## WHAT YOU HAVE TO DO
For the entries below, repeat exactly each line starting with the one that contains "line L4 (-1164.8723, 106.8867)" and going on through the one that contains "line L1 (483.1277, 0)", and no others.

## THE DATA

........

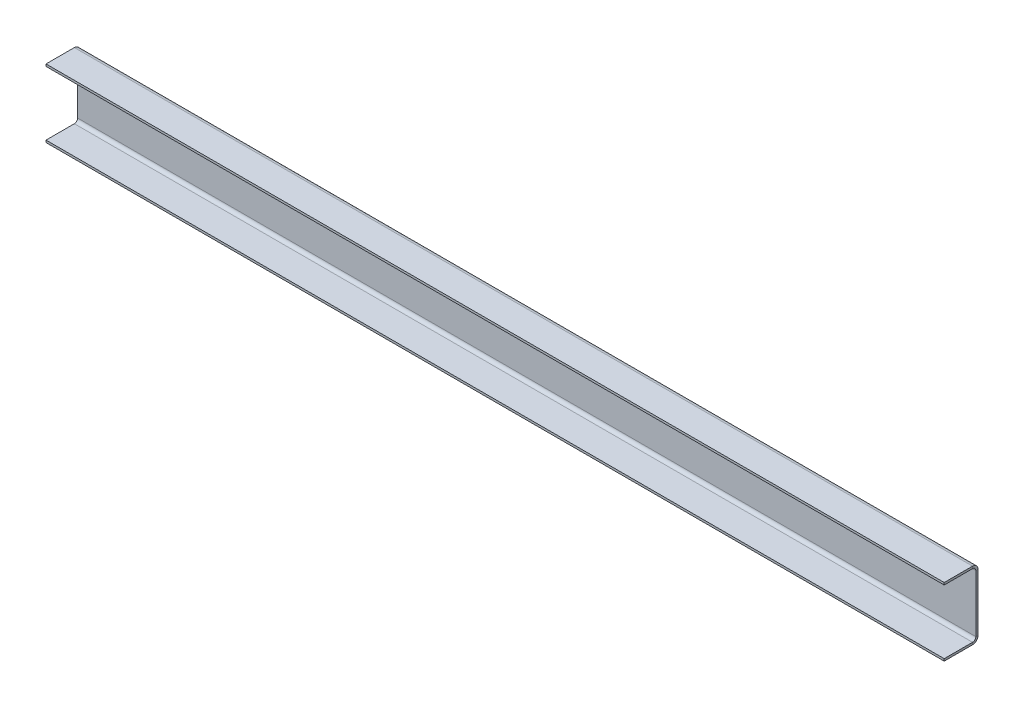
SolidWorks part; units mm, degrees
note: The reader was unsure of these and kept them because the rebuilt part matched: flange length of "Edge-Flange1", "Edge-Flange2".
material "ASTM A36 Steel"
ref_plane "Front Plane" through (0, 0, 0) normal (0, 0, 1) x (1, 0, 0)
ref_plane "Top Plane" through (0, 0, 0) normal (0, 1, 0) x (1, 0, 0)
ref_plane "Right Plane" through (0, 0, 0) normal (1, 0, 0) x (0, 0, -1)
sketch "Sketch1" plane through (0, 0, 0) normal (0, 0, 1) x (1, 0, 0)
  line L1 (483.1277, 106.8867) -> (-1164.8723, 106.8867)
  line L2 (483.1277, 106.8867) -> (483.1277, -18.1133)
  line L3 (483.1277, -18.1133) -> (-1164.8723, -18.1133)
  line L4 (-1164.8723, 106.8867) -> (-1164.8723, -18.1133)
  dimension "D1" = 1648
  dimension "D2" = 125
base flange "Base-Flange1" sketch "Sketch1" thickness 4 reverse thickness direction no parameters "D1"=2.5
edge flange "Edge-Flange1" sketch "Sketch8" flange angle 90 flange length 62 flange position material inside bend radius 6 thickness 4 relief rectangular parameters "D6"=10
sketch "Sketch8" plane through (0, 106.8867, 0) normal (0, -1, 0) x (1, 0, 0)
  line L1 (483.1277, 0) -> (-1164.8723, 0) construction
  line L2 (-1164.8723, 0) -> (-1164.8723, 58)
  line L3 (-1164.8723, 58) -> (483.1277, 58)
  line L4 (483.1277, 58) -> (483.1277, 0)
  line L5 (483.1277, 0) -> (-1164.8723, 0)
bend "EdgeBend1" bend radius 6 bend angle 90 parameters "D5"=1
edge flange "Edge-Flange2" sketch "Sketch11" flange angle 90 flange length 62 flange position material inside bend radius 6 thickness 4 relief rectangular parameters "D6"=10
sketch "Sketch11" plane through (0, -18.1133, 0) normal (0, 1, 0) x (-1, 0, 0)
  line L1 (1164.8723, 0) -> (-483.1277, 0) construction
  line L2 (-483.1277, 0) -> (-483.1277, 58)
  line L3 (-483.1277, 58) -> (1164.8723, 58)
  line L4 (1164.8723, 58) -> (1164.8723, 0)
  line L5 (1164.8723, 0) -> (-483.1277, 0)
bend "EdgeBend2" bend radius 6 bend angle 90 parameters "D5"=2
sketch "Bend-Lines1" [suppressed] plane through (0, 0, 0) normal (0, 1, 0) x (1, 0, 0)
sketch "Bounding-Box1" [suppressed] plane through (0, 0, 0) normal (0, 1, 0) x (1, 0, 0)
sheet metal parameters "Sheet-Metal1" thickness 4 parameters "D1"=2.5
flat pattern "Flat-Pattern1" [suppressed]
sketch "Bend-Lines2" plane through (0, 0, 0) normal (0, 1, 0) x (1, 0, 0)
sketch3d "Bounding-Box2" [suppressed]
  line L0 (708.8723, -18.1133, 0) -> (-483.1277, -18.1133, 0) construction
  line L1 (708.8723, 106.8867, 0) -> (-483.1277, 106.8867, 0) construction
  line L2 (708.8723, -18.1133, 0) -> (708.8723, 106.8867, 0) construction
  line L3 (-483.1277, -18.1133, 0) -> (-483.1277, 106.8867, 0) construction
sheet metal parameters "Sheet-Metal2" thickness 4 parameters "D1"=2.5
flat pattern "Flat-Pattern1"
sketch "Bend-Lines2" plane through (0, 0, 0) normal (0, 0, 1) x (1, 0, 0)
  line L0 (483.1277, 103.1698) -> (-708.8723, 103.1698) construction
  line L1 (483.1277, 103.1698) -> (-708.8723, 103.1698) construction
sketch3d "Bounding-Box2" [suppressed]
  line L0 (-708.8723, -18.1133, 0) -> (483.1277, -18.1133, 0) construction
  line L1 (-708.8723, 161.453, 0) -> (483.1277, 161.453, 0) construction
  line L2 (-708.8723, -18.1133, 0) -> (-708.8723, 161.453, 0) construction
  line L3 (483.1277, -18.1133, 0) -> (483.1277, 161.453, 0) construction
bend of the flat pattern "Flatten-<EdgeBend1>1"
sheet metal parameters "Sheet-Metal3" thickness 4 parameters "D1"=2.5
flat pattern "Flat-Pattern1"
sketch "Bend-Lines2" plane through (0, 0, 0) normal (0, 0, 1) x (1, 0, 0)
  line L0 (483.1277, 103.1698) -> (-1164.8723, 103.1698) construction
  line L1 (483.1277, 103.1698) -> (-1164.8723, 103.1698) construction
  line L2 (-1164.8723, -14.3965) -> (483.1277, -14.3965) construction
  line L3 (-1164.8723, -14.3965) -> (483.1277, -14.3965) construction
sketch3d "Bounding-Box2" [suppressed]
  line L0 (-1164.8723, -72.6797, 0) -> (483.1277, -72.6797, 0) construction
  line L1 (-1164.8723, 161.453, 0) -> (483.1277, 161.453, 0) construction
  line L2 (-1164.8723, -72.6797, 0) -> (-1164.8723, 161.453, 0) construction
  line L3 (483.1277, -72.6797, 0) -> (483.1277, 161.453, 0) construction
bend of the flat pattern "Flatten-<EdgeBend1>1"
bend of the flat pattern "Flatten-<EdgeBend2>1"

........

## EXERCISE OUTPUT
  line L4 (-1164.8723, 106.8867) -> (-1164.8723, -18.1133)
  dimension "D1" = 1648
  dimension "D2" = 125
base flange "Base-Flange1" sketch "Sketch1" thickness 4 reverse thickness direction no parameters "D1"=2.5
edge flange "Edge-Flange1" sketch "Sketch8" flange angle 90 flange length 62 flange position material inside bend radius 6 thickness 4 relief rectangular parameters "D6"=10
sketch "Sketch8" plane through (0, 106.8867, 0) normal (0, -1, 0) x (1, 0, 0)
  line L1 (483.1277, 0) -> (-1164.8723, 0) construction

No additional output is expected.